What can be said about odds ratios in logistic regression?

A

This is looking at the effect of personality type on risk for chd CONTROLLING for all these other variables. You have a 2x greater chance of chd being a type A personality.

26
Q

In a pearson correlation table which variable is the “explainer”

A

the one on the top line! Explainer Excels and Elevates

27
Q

What is S(t)?

A

survival function = probability that a subject survives longer than a specified time (t). Here, “survives” is used as a general biomedical term that simply means a subject did not incur the event of interest. Few survival analyses actually involve the true issues of survival or death.

28
Q

What is h(t)?

A

hazard function = the instantaneous potential (per some unit of time) for an event to occur (given, obviously, that the subject has survived until t).

29
Q

What is censored data?

A

An observation is said to be censored in TTE modeling if the event of interest does not occur during the study period.

30
Q

What is left-censored?

A

In this situation (usually very uncommon in biomedical studies), a subject incurs the event before the actual study period begins. In biomedical studies, such subjects are usually excluded from TTE studies.

31
Q

What is right-censored?

A

censored (most common in most TTE studies). An observation is said to be right-censored if the study period ends and the event of interest has not occurred. This could be due to loss to follow-up or a subject that dies or is otherwise forced to leave the study from causes that are not the outcome of interest (competing risks).

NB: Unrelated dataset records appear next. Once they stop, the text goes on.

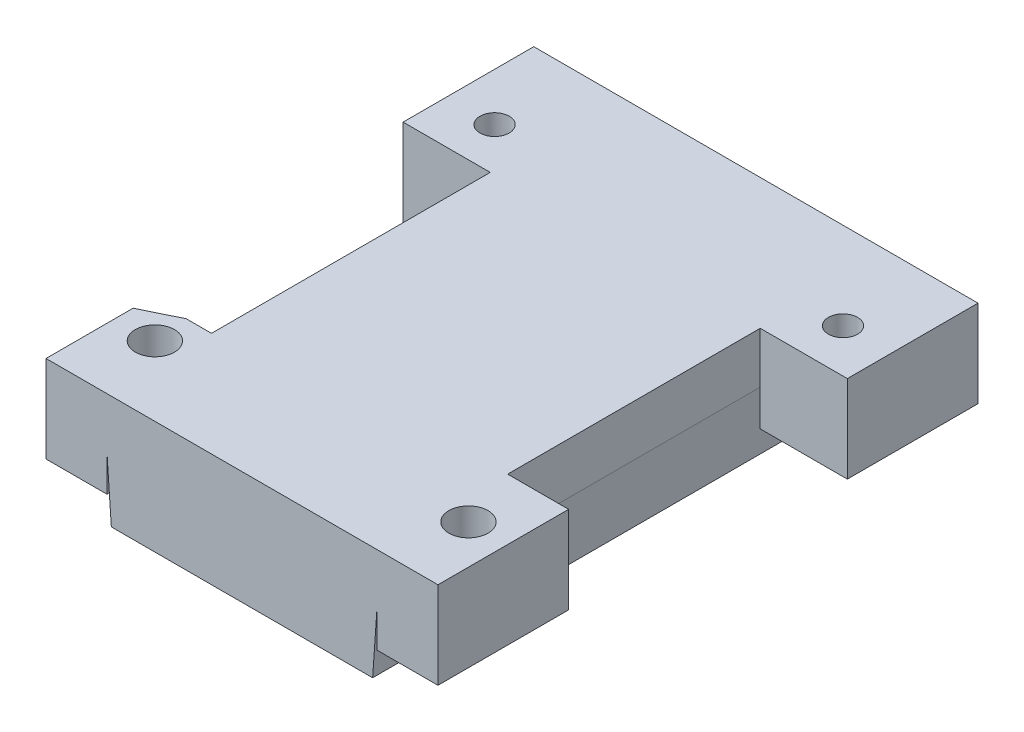
from build123d import *

# Parameters (mm, degrees)
SKETCH1_W           = 26
SKETCH1_H           = 53
SKETCH1_W_2         = 20
SKETCH1_H_2         = 10
BOSS_EXTRUDE1_DEPTH = 5
SKETCH2_W           = 31
SKETCH2_H           = 59
SKETCH2_W_2         = 26
SKETCH2_H_2         = 53
BOSS_EXTRUDE2_DEPTH = 10
SKETCH3_W           = 31
SKETCH3_H           = 59
BOSS_EXTRUDE3_DEPTH = 3
CHAMFER1_SIZE       = 0.5
CHAMFER1_SIZE2      = 7.150333128
SKETCH10_W          = 7
SKETCH10_H          = 15
SKETCH10_R          = 2.25
BOSS_EXTRUDE7_DEPTH = 10
SKETCH11_W          = 7
SKETCH11_H          = 3
CUT_EXTRUDE4_DEPTH  = 10
CHAMFER2_SIZE       = 2
CHAMFER2_SIZE2      = 4.100607683
SKETCH12_W          = 10
SKETCH12_H          = 15
SKETCH12_R          = 1.676379865
BOSS_EXTRUDE8_DEPTH = 10


with BuildPart() as part:
    # Sketch1 → Boss-Extrude1 (new body)
    with BuildSketch(Plane(origin=(0, 0, 0), x_dir=(1, 0, 0), z_dir=(0, 1, 0))):
        with Locations((-13, 26.5)):
            Rectangle(SKETCH1_W, SKETCH1_H)
        with Locations((-13, 27)):
            Rectangle(SKETCH1_W_2, SKETCH1_H_2, mode=Mode.SUBTRACT)
        with Locations((-13, 43)):
            Rectangle(SKETCH1_W_2, SKETCH1_H_2, mode=Mode.SUBTRACT)
        with Locations((-13, 11)):
            Rectangle(SKETCH1_W_2, SKETCH1_H_2, mode=Mode.SUBTRACT)
    extrude(amount=BOSS_EXTRUDE1_DEPTH)

    # Sketch2 → Boss-Extrude2 (add)
    with BuildSketch(Plane(origin=(0, 5, 0), x_dir=(1, 0, 0), z_dir=(0, 1, 0))):
        with Locations((-13, 26.5)):
            Rectangle(SKETCH2_W, SKETCH2_H)
        with Locations((-13, 26.5)):
            Rectangle(SKETCH2_W_2, SKETCH2_H_2, mode=Mode.SUBTRACT)
    extrude(amount=-BOSS_EXTRUDE2_DEPTH)

    # Sketch3 → Boss-Extrude3 (add)
    with BuildSketch(Plane(origin=(0, 5, 0), x_dir=(1, 0, 0), z_dir=(0, 1, 0))):
        with Locations((-13, 26.5)):
            Rectangle(SKETCH3_W, SKETCH3_H)
    extrude(amount=BOSS_EXTRUDE3_DEPTH)

    # Chamfer1
    chamfer1_edges = [part.edges().sort_by_distance(p)[0] for p in [
        (-28.5, -5, -26.5),
        (2.5, -5, -26.5),
    ]]
    chamfer1_side = [part.faces().sort_by_distance(p)[0] for p in [
        (-13, -5, -55.333516692),
    ]]
    chamfer(chamfer1_edges, length=CHAMFER1_SIZE, length2=CHAMFER1_SIZE2, reference=chamfer1_side[0])

    # Sketch10 → Boss-Extrude7 (add)
    with BuildSketch(Plane(origin=(0, 8, 0), x_dir=(1, 0, 0), z_dir=(0, 1, 0))):
        with Locations((6, 4.5)):
            Rectangle(SKETCH10_W, SKETCH10_H)
        with Locations((5, 5)):
            Circle(SKETCH10_R, mode=Mode.SUBTRACT)
        with Locations((-32, 4.5)):
            Rectangle(SKETCH10_W, SKETCH10_H)
        with Locations((-31, 5)):
            Circle(SKETCH10_R, mode=Mode.SUBTRACT)
    extrude(amount=-BOSS_EXTRUDE7_DEPTH)

    # Sketch11 → Cut-Extrude4 (cut)
    with BuildSketch(Plane(origin=(0, 8, 0), x_dir=(1, 0, 0), z_dir=(0, 1, 0))):
        with Locations((-32, 10.5)):
            Rectangle(SKETCH11_W, SKETCH11_H)
    extrude(amount=-CUT_EXTRUDE4_DEPTH, mode=Mode.SUBTRACT)

    # Chamfer2
    chamfer2_edges = [part.edges().sort_by_distance(p)[0] for p in [
        (-35.5, 3, -9),
    ]]
    chamfer2_side = [part.faces().sort_by_distance(p)[0] for p in [
        (-35.5, 3, -3),
    ]]
    chamfer(chamfer2_edges, length=CHAMFER2_SIZE, length2=CHAMFER2_SIZE2, reference=chamfer2_side[0])

    # Sketch12 → Boss-Extrude8 (add)
    with BuildSketch(Plane(origin=(0, 8, 0), x_dir=(1, 0, 0), z_dir=(0, 1, 0))):
        with Locations((7.5, 48.5)):
            Rectangle(SKETCH12_W, SKETCH12_H)
        with Locations((7, 46)):
            Circle(SKETCH12_R, mode=Mode.SUBTRACT)
        with Locations((-33.5, 48.5)):
            Rectangle(SKETCH12_W, SKETCH12_H)
        with Locations((-33, 46)):
            Circle(SKETCH12_R, mode=Mode.SUBTRACT)
    extrude(amount=-BOSS_EXTRUDE8_DEPTH)


solid = part.part

The most usual reason is simply that the study ends but the subject has remained free of the outcome of interest (simple censoring).

32
Q

What is interval-censored?

A

An observation is interval-censored if it incurs the event of interest during a time it was not under observation. Without additional information (for example, full medical records), we only know that a subject failed between time (gone) and time (back).

33
Q

What is a log-rank test?

A

Tests whether two kaplan-meier survival curves are statistically different.

34
Q

What does a log-rank test output look like?

A

Table of events observed and events expected. Relevant output = lowest number “LRChi2” which is the p value.

35
Q

What does “adjusting for something mean”?

A

Controlling for it/holding it steady

36
Q

What is an important requirement for Cox regression?

A

Proportional hazards over time

37
Q

What values can hazard ratios take and what do they mean?

A

Hazard ratios 1.00 indicate a deleterious effect. To get to the hazard ratio, simply exponentiate B. Thus e -0.37 = 0.69.

38
Q

What is an important and beneficial element of regression?

A

Remember that one of the properties of regression is that the effect estimate (here, the hazard ratio) for any variable is adjusted for all other variables in the model.

39
Q

What would a null hazard ratio be?

A

1.0 neither protective nor hurtful

40
Q

What is an important test to run alongside a cox proportional hazards test?

A

A test for the proportional hazards assumption. Output = Harrells’ C (equivalent of a p value). This test is similar to Bartletts or Levenes test…desire a non-significant p value.

41
Q

What is a log-log curve?

A

A visual proportional hazards assumption test. You want the two lines to be parallel.

42
Q

What is the harvesting effect?

A

The harvesting effect: the guys who can’t hack it, drop out. Making it so that the older guys remaining are the tough ones. The effects of exposure HARVEST the stronger, insensitive men. This causes the older guys to look healthier/be in better condition. The weak ones dropped out.

43
Q

What does classic effect modification look like?

A

Diverging lines. (When a predictor has a different effect on different groups).